The Middle Class of Business: Building Enduring Ventures
Silicon Valley exhorts entrepreneurs to supersize their dreams: Have a crackerjack idea with disruptive potential, raise lots of funding from investors, scale up rapidly and hit a billion-dollar valuation.
Awash in stories of “unicorns” and “gazelles” — the rare high-tech high-growth firms that capture the headlines — many founders chase the dream of launching the next Stripe or Instacart.
“But is that the only dream worth having?” asks Darden Professor Saras Sarasvathy, a leading expert on the cognitive basis for high-performance entrepreneurship and the 2022 winner of the Global Award for Entrepreneurship Research from the Swedish Entrepreneurship Forum.
“In a business school,” says Sarasvathy, “we shouldn’t just be teaching high-growth, high-technology entrepreneurship. We should be teaching students how to build a middle class of business — companies that last long enough to give an entrepreneur a good life but also create jobs, foster robust communities and create value for multiple stakeholders.”
Defining the Middle Class of Business
Sarasvathy has coined the term “middle class of business” to describe companies that grow and endure over time but don’t grow very large in size.
In her paper “The Middle Class of Business: Endurance as a Dependent Variable in Entrepreneurship,” published in Entrepreneurship Theory and Practice, Sarasvathy defines the category as ventures that have between five and 300 employees and profitably survive for at least 16 years.
Even though firms that endure for 16 years or more have slower growth than younger firms, they actually employ the most people, studies show.
“If we aim to spur job creation and economic development,” says Sarasvathy, “endurance over time is a better predictor than size. That’s one reason we should foster the development of a middle class of business.”
The question is how.
Teaching Entrepreneurship Like We Teach Science
Sarasvathy, along with Professor Sankaran Venkataraman, has long believed in teaching entrepreneurship the way we teach science — to everyone who has access to education. As she puts it, “Today, we teach the scientific method not only to potential scientists in professional schools but to everyone, starting at an early age, as an essential mindset and skill.”

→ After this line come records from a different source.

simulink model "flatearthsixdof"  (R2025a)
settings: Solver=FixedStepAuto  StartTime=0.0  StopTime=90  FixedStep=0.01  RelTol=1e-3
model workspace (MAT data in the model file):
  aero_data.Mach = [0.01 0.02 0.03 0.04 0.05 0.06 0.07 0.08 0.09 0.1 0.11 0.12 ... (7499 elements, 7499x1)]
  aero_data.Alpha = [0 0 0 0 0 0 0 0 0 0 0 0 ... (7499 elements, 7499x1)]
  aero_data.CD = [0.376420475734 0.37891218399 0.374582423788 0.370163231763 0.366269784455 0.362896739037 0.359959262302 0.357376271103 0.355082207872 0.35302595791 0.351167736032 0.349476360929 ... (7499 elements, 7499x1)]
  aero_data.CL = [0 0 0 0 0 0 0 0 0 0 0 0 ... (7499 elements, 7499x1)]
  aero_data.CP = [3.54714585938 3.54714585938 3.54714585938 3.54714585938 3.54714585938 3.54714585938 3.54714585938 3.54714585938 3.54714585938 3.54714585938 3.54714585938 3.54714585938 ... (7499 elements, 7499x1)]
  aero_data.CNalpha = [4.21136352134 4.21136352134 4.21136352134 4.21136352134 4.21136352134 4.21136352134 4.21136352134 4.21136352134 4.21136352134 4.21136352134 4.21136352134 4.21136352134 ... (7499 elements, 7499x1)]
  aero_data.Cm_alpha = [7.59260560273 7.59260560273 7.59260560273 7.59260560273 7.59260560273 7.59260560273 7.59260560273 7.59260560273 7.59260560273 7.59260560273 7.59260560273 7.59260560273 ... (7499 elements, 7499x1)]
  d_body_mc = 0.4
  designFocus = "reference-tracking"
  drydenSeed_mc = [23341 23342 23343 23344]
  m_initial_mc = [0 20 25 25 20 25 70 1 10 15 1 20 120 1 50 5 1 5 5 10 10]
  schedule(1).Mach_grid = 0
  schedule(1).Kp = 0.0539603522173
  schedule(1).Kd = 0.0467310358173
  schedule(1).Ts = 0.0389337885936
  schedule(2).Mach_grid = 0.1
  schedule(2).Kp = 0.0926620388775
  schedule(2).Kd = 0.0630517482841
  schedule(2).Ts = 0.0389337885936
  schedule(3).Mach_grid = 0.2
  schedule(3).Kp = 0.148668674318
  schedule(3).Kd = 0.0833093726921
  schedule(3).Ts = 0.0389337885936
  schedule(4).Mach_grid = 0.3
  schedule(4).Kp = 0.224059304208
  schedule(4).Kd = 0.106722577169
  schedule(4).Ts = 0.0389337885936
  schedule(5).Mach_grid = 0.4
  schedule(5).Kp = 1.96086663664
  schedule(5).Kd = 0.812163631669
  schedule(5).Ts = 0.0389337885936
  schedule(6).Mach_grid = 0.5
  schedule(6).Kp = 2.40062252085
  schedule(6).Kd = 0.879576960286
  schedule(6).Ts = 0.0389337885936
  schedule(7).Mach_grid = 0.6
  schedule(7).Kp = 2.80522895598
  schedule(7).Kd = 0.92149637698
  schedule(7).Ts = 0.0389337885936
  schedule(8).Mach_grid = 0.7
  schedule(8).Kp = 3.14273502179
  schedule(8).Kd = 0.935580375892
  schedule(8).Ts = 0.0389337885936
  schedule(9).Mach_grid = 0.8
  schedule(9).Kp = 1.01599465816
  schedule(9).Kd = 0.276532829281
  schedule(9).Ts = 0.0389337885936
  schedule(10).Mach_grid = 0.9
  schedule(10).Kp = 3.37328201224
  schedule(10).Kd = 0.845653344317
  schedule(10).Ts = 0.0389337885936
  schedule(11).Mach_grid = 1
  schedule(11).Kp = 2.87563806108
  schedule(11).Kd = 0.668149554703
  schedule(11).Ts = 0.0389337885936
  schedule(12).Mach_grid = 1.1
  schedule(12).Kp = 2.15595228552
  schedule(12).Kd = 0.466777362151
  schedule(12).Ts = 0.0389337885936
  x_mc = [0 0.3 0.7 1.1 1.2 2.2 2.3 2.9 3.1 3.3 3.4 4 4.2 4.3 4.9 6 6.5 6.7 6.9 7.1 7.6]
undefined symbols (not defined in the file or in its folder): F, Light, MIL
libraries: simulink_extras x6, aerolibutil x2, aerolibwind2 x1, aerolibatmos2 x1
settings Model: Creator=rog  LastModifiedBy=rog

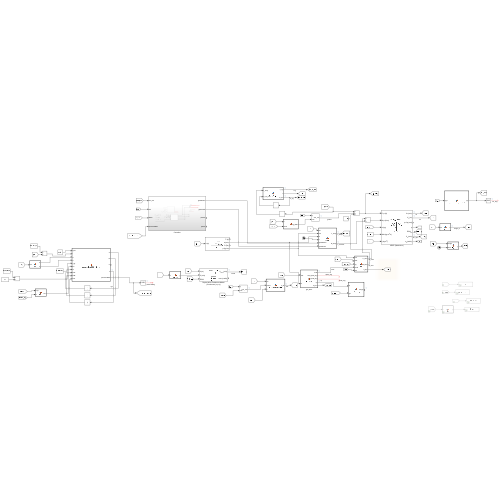
[thumbnail: Simulink's stored preview of the top-level diagram]
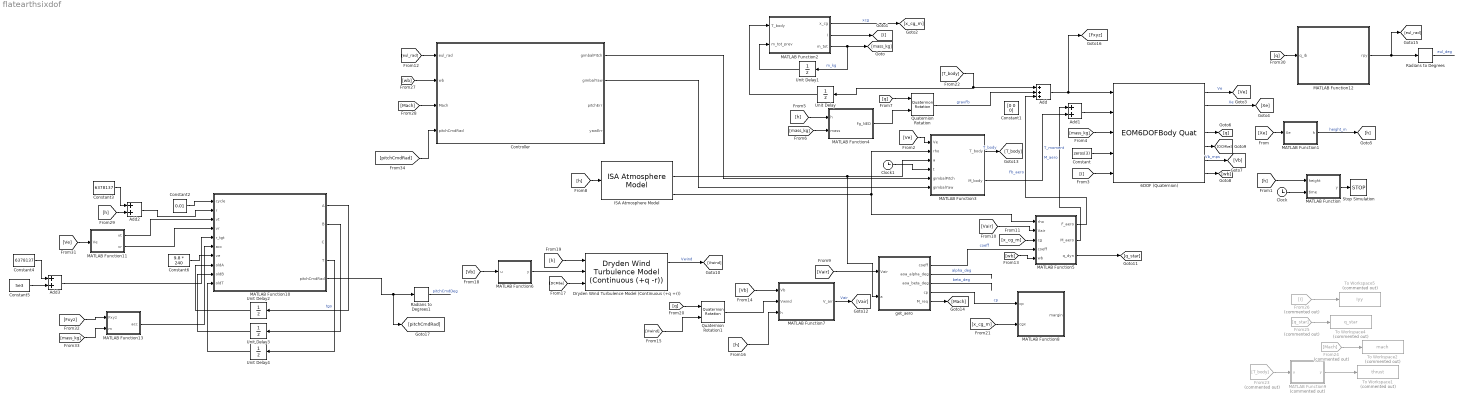
== system flatearthsixdof ==
  6DOF (Quaternion) : EOM6DOFBodyQuat  mtype=Custom Variable  Vm_0=[0.1 0 0]  eul_0=[0 deg2rad(90) 0]
  Add : Sum  Inputs=+++
  Add1 : Sum
  Add2 : Sum
  Add3 : Sum
  Clock : Clock
  Clock1 : Clock
  Constant : Constant  Value=zeros(3)
  Constant1 : Constant  Value=[0 0 0]
  Constant2 : Constant  Value=0.01
  Constant3 : Constant  Value=6378137
  Constant4 : Constant  Value=6378137
  Constant5 : Constant  Value=5e3
  Constant6 : Constant  Value=9.8 * 240
  Controller : Subsystem
  Dryden Wind Turbulence Model (Continuous (+q +r)) : aerolibwind2/Dryden Wind Turbulence Model  (Continuous (+q -r))  units=Metric (MKS)  spec=MIL-F-8785C  model=Continuous Dryden (+q +r)  W20=15  Wdeg=0  TurbProb=10^-2 - Light  L_high=533.4  Wingspan=10  ts=0.1  Seed=drydenSeed_mc  T_on=on
      settings: LibrarySourceBlock=|
      | aerolibwind2/Dryden Wind Turbulence Model
      | (Continuous (+q +r))
  From23 : From  Commented=on  GotoTag=T_body
  From24 : From  Commented=on  GotoTag=Mach
  From25 : From  Commented=on  GotoTag=q_star
  From26 : From  Commented=on  GotoTag=I
  ISA Atmosphere Model : aerolibatmos2/ISA Atmosphere Model  useExtended=on  action=Warning  custom=off  viscosityOut=off  g=9.80665  gamma=1.4  R=287.0531  L=0.0065  h_trop=11000  h_strat=20000  rho0=1.225  P0=101325  T0=288.15  h0=0  S=110.4  Tref=273.15  muref=1.716e-5
  MATLAB Function : MATLAB Function  TreatAsAtomicUnit=on
  MATLAB Function1 : MATLAB Function  TreatAsAtomicUnit=on
  MATLAB Function10 : MATLAB Function  TreatAsAtomicUnit=on
  MATLAB Function11 : MATLAB Function  TreatAsAtomicUnit=on
  MATLAB Function12 : MATLAB Function  TreatAsAtomicUnit=on
  MATLAB Function13 : MATLAB Function  TreatAsAtomicUnit=on
  MATLAB Function2 : MATLAB Function  TreatAsAtomicUnit=on
  MATLAB Function3 : MATLAB Function  TreatAsAtomicUnit=on
  MATLAB Function4 : MATLAB Function  TreatAsAtomicUnit=on
  MATLAB Function5 : MATLAB Function  TreatAsAtomicUnit=on
  MATLAB Function6 : MATLAB Function  TreatAsAtomicUnit=on
  MATLAB Function7 : MATLAB Function  TreatAsAtomicUnit=on
  MATLAB Function8 : MATLAB Function  TreatAsAtomicUnit=on
  MATLAB Function9 : MATLAB Function  Commented=on  TreatAsAtomicUnit=on
  Quaternion Rotation : aerolibutil/Quaternion Rotation
  Quaternion Rotation1 : aerolibutil/Quaternion Rotation
  Radians to Degrees : simulink_extras/Transformations/Radians to Degrees
  Radians to Degrees1 : simulink_extras/Transformations/Radians to Degrees
  Stop Simulation : Stop
  To Workspace1 : ToWorkspace  Commented=on  VariableName=thrust  SaveFormat=Timeseries  SampleTime=-1
  To Workspace2 : ToWorkspace  Commented=on  VariableName=mach  SaveFormat=Timeseries  SampleTime=-1
  To Workspace4 : ToWorkspace  Commented=on  VariableName=q_star  SaveFormat=Timeseries  SampleTime=-1
  To Workspace5 : ToWorkspace  Commented=on  VariableName=Iyy  SaveFormat=Timeseries  SampleTime=-1
  Unit Delay : UnitDelay  InitialCondition=[0 0 0]  SampleTime=-1  HasFrameUpgradeWarning=on
  Unit Delay1 : UnitDelay  InitialCondition=439  SampleTime=-1  HasFrameUpgradeWarning=on
  Unit Delay2 : UnitDelay  SampleTime=-1  HasFrameUpgradeWarning=on
  Unit Delay3 : UnitDelay  SampleTime=-1  HasFrameUpgradeWarning=on
  Unit Delay4 : UnitDelay  InitialCondition=90  SampleTime=-1  HasFrameUpgradeWarning=on
  get_aero : MATLAB Function  TreatAsAtomicUnit=on
  wires:
  Constant/1 -> 6DOF (Quaternion)/4
  MATLAB Function/1(y) -> Stop Simulation/1
  Clock/1 -> MATLAB Function/2(time)
  MATLAB Function2/2(I) -> [I]
  MATLAB Function2/1(x_cg) -> [x_cg_m]  "xcg"
  MATLAB Function2/3(m_tot) -> Unit Delay1/1, [mass_kg]  "m_kg"
  6DOF (Quaternion)/1 -> [Ve]  "Ve"
  6DOF (Quaternion)/2 -> [Xe]  "Xe"
  [h] -> MATLAB Function/1(height)
  [Xe] -> MATLAB Function1/1(Xe)
  MATLAB Function1/1(h) -> [h]  "height_m"
  [Ve] -> MATLAB Function3/1(Ve)
  [I] -> 6DOF (Quaternion)/5
  [mass_kg] -> 6DOF (Quaternion)/3
  Add/1 -> [Fxyz], 6DOF (Quaternion)/1
  [h] -> MATLAB Function4/1(h)
  [mass_kg] -> MATLAB Function4/2(mass)
  6DOF (Quaternion)/4 -> [q]
  [q] -> Quaternion Rotation/1
  MATLAB Function4/1(Fg_NED) -> Quaternion Rotation/2
  Quaternion Rotation/1 -> Add/2  "gravFb"
  [h] -> ISA Atmosphere Model/1
  Clock1/1 -> MATLAB Function3/4(t)
  6DOF (Quaternion)/6 -> [Vb]  "Vb_mps"
  ISA Atmosphere Model/2 -> get_aero/2(a), MATLAB Function3/3(a)
  get_aero/1(coeff) -> MATLAB Function5/4(coeff)  "coeff"
  [x_cg_m] -> MATLAB Function5/3(cg)
  Radians to Degrees/1 -> ?  "eul_deg"
  get_aero/2(aoa_alpha_deg) -> ?  "alpha_deg"
  get_aero/3(aoa_beta_deg) -> ?  "beta_deg"
  [wb] -> MATLAB Function5/5(wb)
  6DOF (Quaternion)/7 -> [wb]
  Unit Delay/1 -> MATLAB Function2/1(T_body)
  ISA Atmosphere Model/4 -> MATLAB Function5/1(rho), MATLAB Function3/2(rho)
  6DOF (Quaternion)/5 -> [DCMbe]
  [h] -> Dryden Wind Turbulence Model (Continuous (+q +r))/1
  MATLAB Function6/1(y) -> Dryden Wind Turbulence Model (Continuous (+q +r))/2
  [DCMbe] -> Dryden Wind Turbulence Model (Continuous (+q +r))/3
  [Vb] -> MATLAB Function6/1(u)
  Dryden Wind Turbulence Model (Continuous (+q +r))/1 -> [Vwind]  "Vwind"
  [Vb] -> MATLAB Function7/1(Vb)
  Quaternion Rotation1/1 -> MATLAB Function7/2(Vwind)
  MATLAB Function7/1(V_air) -> [Vair]  "Vair"
  [Vwind] -> Quaternion Rotation1/2
  [q] -> Quaternion Rotation1/1
  Unit Delay1/1 -> MATLAB Function2/2(m_tot_prev)
  get_aero/4(cp) -> MATLAB Function8/1(cp)  "cp"
  MATLAB Function5/1(F_aero) -> Add/3  "Fb_aero"
  [Vair] -> get_aero/1(Vair)
  [Vair] -> MATLAB Function5/2(Vair)
  [h] -> MATLAB Function7/3(h)
  [x_cg_m] -> MATLAB Function8/2(cgx)
  MATLAB Function5/3(q_dyn) -> [q_star]
  From25/1 -> To Workspace4/1
  From26/1 -> To Workspace5/1
  MATLAB Function3/1(T_body) -> [T_body]  "T_body"
  [T_body] -> Unit Delay/1, Add/1
  From23/1 -> MATLAB Function9/1(u)
  MATLAB Function9/1(y) -> To Workspace1/1
  get_aero/5(M_req) -> [Mach]
  From24/1 -> To Workspace2/1
  Add1/1 -> 6DOF (Quaternion)/2
  MATLAB Function3/2(M_body) -> Add1/2  "T_moment"
  [q] -> MATLAB Function12/1(q_ib)
  MATLAB Function12/1(rpy) -> [eul_rad], Radians to Degrees/1
  MATLAB Function5/2(M_aero) -> Add1/1  "M_aero"
  Controller/1(gimbalPitch) -> MATLAB Function3/5(gimbalPitch)
  Controller/2(gimbalYaw) -> MATLAB Function3/6(gimbalYaw)
  [eul_rad] -> Controller/1(eul_rad)
  [wb] -> Controller/2(wb)
  [Mach] -> Controller/3(Mach)
  MATLAB Function10/1(A) -> Unit Delay2/1
  MATLAB Function10/2(B) -> Unit Delay3/1
  MATLAB Function10/4(T) -> Unit Delay4/1  "tgo"
  Unit Delay4/1 -> MATLAB Function10/10(oldT)
  Unit Delay3/1 -> MATLAB Function10/9(oldB)
  Unit Delay2/1 -> MATLAB Function10/8(oldA)
  Constant2/1 -> MATLAB Function10/1(cycle)
  Constant3/1 -> Add2/1
  [h] -> Add2/2
  Add2/1 -> MATLAB Function10/2(r)
  [Ve] -> MATLAB Function11/1(Ve)
  MATLAB Function11/1(vt) -> MATLAB Function10/3(vt)
  MATLAB Function11/2(vr) -> MATLAB Function10/4(vr)
  Constant5/1 -> Add3/2
  Constant4/1 -> Add3/1
  Add3/1 -> MATLAB Function10/5(r_tgt)
  Constant6/1 -> MATLAB Function10/7(ve)
  [Fxyz] -> MATLAB Function13/1(Fxyz)
  [mass_kg] -> MATLAB Function13/2(m)
  MATLAB Function13/1(acc) -> MATLAB Function10/6(acc)
  MATLAB Function10/5(pitchCmdRad) -> [pitchCmdRad], Radians to Degrees1/1
  Radians to Degrees1/1 -> ?  "pitchCmdDeg"
  [pitchCmdRad] -> Controller/4(pitchCmdRad)

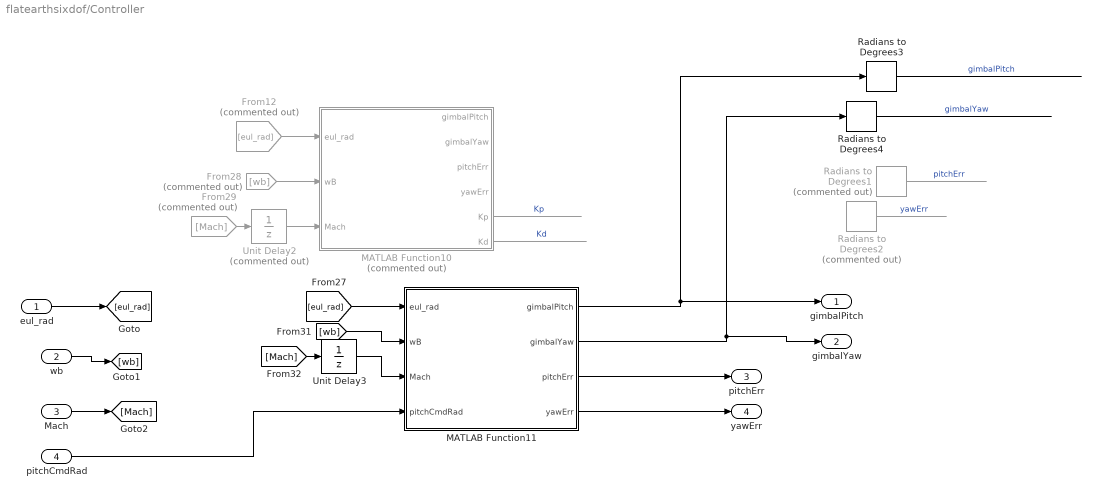
== system flatearthsixdof/Controller ==
  eul_rad : Inport
  wb : Inport  Port=2
  Mach : Inport  Port=3
  pitchCmdRad : Inport  Port=4
  From12 : From  Commented=on  GotoTag=eul_rad
  From28 : From  Commented=on  GotoTag=wb
  From29 : From  Commented=on  GotoTag=Mach
  MATLAB Function10 : MATLAB Function  Commented=on  TreatAsAtomicUnit=on
  MATLAB Function11 : MATLAB Function  TreatAsAtomicUnit=on
  Radians to Degrees1 : simulink_extras/Transformations/Radians to Degrees  Commented=on
  Radians to Degrees2 : simulink_extras/Transformations/Radians to Degrees  Commented=on
  Radians to Degrees3 : simulink_extras/Transformations/Radians to Degrees
  Radians to Degrees4 : simulink_extras/Transformations/Radians to Degrees
  Unit Delay2 : UnitDelay  Commented=on  SampleTime=-1  HasFrameUpgradeWarning=on
  Unit Delay3 : UnitDelay  SampleTime=-1  HasFrameUpgradeWarning=on
  gimbalPitch : Outport
  gimbalYaw : Outport  Port=2
  pitchErr : Outport  Port=3
  yawErr : Outport  Port=4
  wires:
  From28/1 -> MATLAB Function10/2(wB)
  Radians to Degrees1/1 -> ?  "pitchErr"
  From12/1 -> MATLAB Function10/1(eul_rad)
  Radians to Degrees3/1 -> ?  "gimbalPitch"
  [Mach] -> Unit Delay3/1
  Radians to Degrees2/1 -> ?  "yawErr"
  From29/1 -> Unit Delay2/1
  MATLAB Function10/6(Kd) -> ?  "Kd"
  Unit Delay2/1 -> MATLAB Function10/3(Mach)
  [wb] -> MATLAB Function11/2(wB)
  [eul_rad] -> MATLAB Function11/1(eul_rad)
  MATLAB Function11/2(gimbalYaw) -> Radians to Degrees4/1, gimbalYaw/1
  Unit Delay3/1 -> MATLAB Function11/3(Mach)
  Radians to Degrees4/1 -> ?  "gimbalYaw"
  MATLAB Function11/4(yawErr) -> yawErr/1
  MATLAB Function10/5(Kp) -> ?  "Kp"
  MATLAB Function11/3(pitchErr) -> pitchErr/1
  Mach/1 -> [Mach]
  wb/1 -> [wb]
  eul_rad/1 -> [eul_rad]
  pitchCmdRad/1 -> MATLAB Function11/4(pitchCmdRad)
  MATLAB Function11/1(gimbalPitch) -> gimbalPitch/1, Radians to Degrees3/1

== matlab function flatearthsixdof/MATLAB Function6 ==
  data: u input; y output
function y = twonorm(u)

y = norm(u);

== matlab function flatearthsixdof/get_aero ==
  data: Vair input size=[3 1]; coeff output; a input; aoa_alpha_deg output; aoa_beta_deg output; cp output; M_req output
function [coeff, aoa_alpha_deg, aoa_beta_deg, cp, M_req] = get_aero(Vair, a)

    u = Vair(1);
    v = Vair(2);
    w = Vair(3);

    V = sqrt(u*u + v*v + w*w);

    if V < 1e-6
        coeff = zeros(4,1);
        aoa_alpha_deg = 0;
        aoa_beta_deg  = 0;
        cp = 0;
        M_req = 0;
        return;
    end

    % Alpha / beta
    alpha = atan2(w, u);
    Vxz   = sqrt(u*u + w*w);

    if Vxz < 1e-6
        beta = 0;
    else
        beta = atan2(v, Vxz);
    end

    alpha_deg = alpha * 180/pi;
    beta_deg  = beta  * 180/pi;

    aoa_alpha_deg = alpha_deg;
    aoa_beta_deg  = beta_deg;

    % Total angle for drag & CP
    alpha_t = atan2( sqrt(v*v + w*w), u );
    aoa_t_deg = alpha_t * 180/pi;

    M_req = V / a;

    % Load aero once
    persistent aero
    if isempty(aero)
        S = load("aero.mat");
        aero = S.aero_data;
    end

    Alpha   = aero.Alpha;
    Mach    = aero.Mach;
    CD_full = aero.CD;
    CL_full = aero.CL;
    CP_full = aero.CP;

    % Lift from alpha & beta (same symmetric table)
    [~, CLa, ~] = lookup_coeff_nearest(alpha_deg, M_req, Alpha, Mach, CD_full, CL_full, CP_full);
    [~, CLb, ~] = lookup_coeff_nearest(beta_deg,  M_req, Alpha, Mach, CD_full, CL_full, CP_full);

    % Drag + CP from total angle
    [CD, ~, CP] = lookup_coeff_nearest(aoa_t_deg, M_req, Alpha, Mach, CD_full, CL_full, CP_full);

    cp = CP;

    coeff = [CD; CLa; CLb; CP];
end


function [cd, cl, cp] = lookup_coeff(aoa_deg, M_req, ...
                                     Alpha, Mach, CD_full, CL_full, CP_full)

    [~, iMach] = min(abs(Mach - M_req));
    Mach_near  = Mach(iMach);

    rows = find(abs(Mach - Mach_near) < 1e-6);

    A_slice  = Alpha(rows);
    CD_slice = CD_full(rows);
    CL_slice = CL_full(rows);
    CP_slice = CP_full(rows);

    cd = interp1(A_slice, CD_slice, aoa_deg, "linear", "extrap");
    cl = interp1(A_slice, CL_slice, aoa_deg, "linear", "extrap");
    cp = interp1(A_slice, CP_slice, aoa_deg, "linear", "extrap");
end


function [cd, cl, cp] = lookup_coeff_nearest(aoa_deg, M_req, ...
                                             Alpha, Mach, CD_full, CL_full, CP_full)

    [~, iMach] = min(abs(Mach - M_req));
    Mach_near  = Mach(iMach);

    rows = find(abs(Mach - Mach_near) < 1e-6);

    A_slice = Alpha(rows);

    [~, k] = min(abs(A_slice - aoa_deg));
    idx    = rows(k);

    cd = CD_full(idx);
    cl = CL_full(idx);
    cp = CP_full(idx);
end

== matlab function flatearthsixdof/MATLAB Function8 ==
  data: cp input; margin output; cgx input; d_body_mc parameter
function margin  = stabilitymargin(cp, cgx, d_body_mc)


margin = (cp-cgx)/d_body_mc;

== matlab function flatearthsixdof/MATLAB Function9 ==
  data: u input; y output
function y = fcn(u)

y = norm(u);

== matlab function flatearthsixdof/Controller/MATLAB Function10 ==
  data: eul_rad input; gimbalPitch output; wB input; Mach input; gimbalYaw output; pitchErr output; yawErr output; schedule parameter; Kp output; Kd output
function [gimbalPitch, gimbalYaw, pitchErr, yawErr, Kp, Kd] = tvc_gainsched_eulXYZ_pd(eul_rad, wB, Mach, schedule)
% Gain-scheduled TVC PD controller using Euler attitude error (XYZ order).
% eul_rad is assumed to be Euler angles RELATIVE TO THE VERTICAL reference,
% so the desired attitude corresponds to eul_rad = [0;0;0] (or [0 0 0]).
%
% Euler order: XYZ
%   eul_rad(1) = roll  about body +X
%   eul_rad(2) = pitch about body +Y
%   eul_rad(3) = yaw   about body +Z
%
% Control uses pitch and yaw only:
%   pitchErr = eul_rad(2), yawErr = eul_rad(3)
% D term uses measured body rates:
%   q_rate = wB(2), r_rate = wB(3)

%% ----- USER LIMITS -----
gimbalLimit = deg2rad(6);

%% ----- Gain schedule (nearest Mach) -----
n = numel(schedule);
Mach_grid = zeros(n,1);
Kp_table  = zeros(n,1);
Kd_table  = zeros(n,1);

for i = 1:n
    Mach_grid(i) = schedule(i).Mach_grid;
    Kp_table(i)  = schedule(i).Kp;
    Kd_table(i)  = schedule(i).Kd;
end

idx = nearestIndex(Mach_grid, Mach);
Kp = Kp_table(idx);
Kd = Kd_table(idx);

%% ----- Attitude errors from Euler error angles -----
% Ensure column vector indexing works either way
eul_rad = eul_rad(:);

% XYZ: [roll; pitch; yaw]
pitchErr = eul_rad(2);   % about body-Y
yawErr   = eul_rad(3);   % about body-Z

%% ----- Body rates for D term -----
q_rate = wB(2);          % pitch rate about body-Y
r_rate = wB(3);          % yaw rate about body-Z

%% ----- PD control law -----
% Sign chosen so positive error / positive rate yields gimbal that creates restoring moment
gimbalPitch = (Kp*pitchErr + Kd*q_rate);
gimbalYaw   = (Kp*yawErr   + Kd*r_rate);

%% ----- Saturation -----
gimbalPitch = min(max(gimbalPitch, -gimbalLimit), gimbalLimit);
gimbalYaw   = min(max(gimbalYaw,   -gimbalLimit), gimbalLimit);

end

%% ===== Helper: nearest index =====
function idx = nearestIndex(x, xq)
    [~, idx] = min(abs(x - xq));
end

== matlab function flatearthsixdof/Controller/MATLAB Function11 ==
  data: eul_rad input; gimbalPitch output; wB input; Mach input; gimbalYaw output; pitchErr output; yawErr output; schedule parameter; pitchCmdRad input
function [gimbalPitch, gimbalYaw, pitchErr, yawErr] = tvc_gainsched_eulXYZ_lqr(eul_rad, wB, Mach, schedule, pitchCmdRad)
% Gain-scheduled TVC "LQR-style" controller using Euler error angles (XYZ).
% eul_rad is relative-to-vertical error, so desired = [0;0;0].
%pitchCmdRad = 0;
gimbalLimit = deg2rad(6);

% ----- Nearest Mach lookup -----
n = numel(schedule);
Mach_grid = zeros(n,1);
K_table   = zeros(n,2);

for i = 1:n
    Mach_grid(i) = schedule(i).Mach_grid;
    K_table(i,:) = schedule(i).Kd;   % [K_theta  K_rate]
end

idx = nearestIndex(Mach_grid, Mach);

According to Sarasvathy, teaching science to everyone who had access to education spurred technological progress, which increased productivity. “For the first time in history, a large swath of society was able to earn enough money to escape poverty,” says Sarasvathy. “This led to the emergence of the middle class, defined by income.”
In her paper, Sarasvathy draws a historical parallel. She argues that, just as the introduction of science education to all fostered the rise of the middle class, the introduction of entrepreneurship education to all would spur the rise of a middle class of businesses.
“When we start teaching entrepreneurship to everyone as a necessary skill,” argues Sarasvathy, “people will be more entrepreneurial — not only in starting companies but also in solving problems in their lives and in the world. People won’t be necessarily starting more companies; they’ll be building better ones that endure for longer than average periods of time and create more value.”
Developing the Entrepreneurial Method
But can entrepreneurship be taught? If you ask Sarasvathy, who’s been teaching it at Darden since 2004, the answer is a resounding yes.
In fact, Sarasvathy pioneered the framing of entrepreneurship as a method à la the scientific method in her groundbreaking book Effectuation: Elements of Entrepreneurial Expertise. She further developed the concept in “Entrepreneurship as Method: Open Questions for an Entrepreneurial Future,” a 2011 article co-authored with Venkataraman and published in Entrepreneurship Theory and Practice.
The cornerstone of the entrepreneurial method is effectuation — the unique logic expert entrepreneurs use to build successful companies. Sarasvathy discovered this logic, which she distilled into teachable principles, in the late 1990s as a result of in-depth studies of how expert entrepreneurs think, act and make decisions in the initial stages of venture creation.
Effectuation is rooted in nonpredictive control. “Instead of trying to predict the future in order to control it, which is thinking causally,” says Sarasvathy, “expert entrepreneurs know from experience that if they control certain things in the present, they can create the future. That is thinking effectually.”
Unleashing the Human Potential
The Silicon Valley model of entrepreneurship has captured the imagination of the public, and many founders want to emulate it, despite the fact that it reflects only a sliver of startups.
“Most startups are not VC-backed, high-growth ventures,” says Sarasvathy, who encourages her students to build enduring businesses instead. She also encourages them to have a more expansive view of entrepreneurship and its possibilities.
“Entrepreneurship is not just coming up with an idea and starting a business,” says Sarasvathy. “It’s much more than that. Entrepreneurship itself is a method to build not just companies but also a better world. It’s a method to unleash the human potential to create new ends and the means to attain them.”
This article was developed with the support of Darden’s Batten Institute, at which Gosia Glinska is associate director of thought leadership.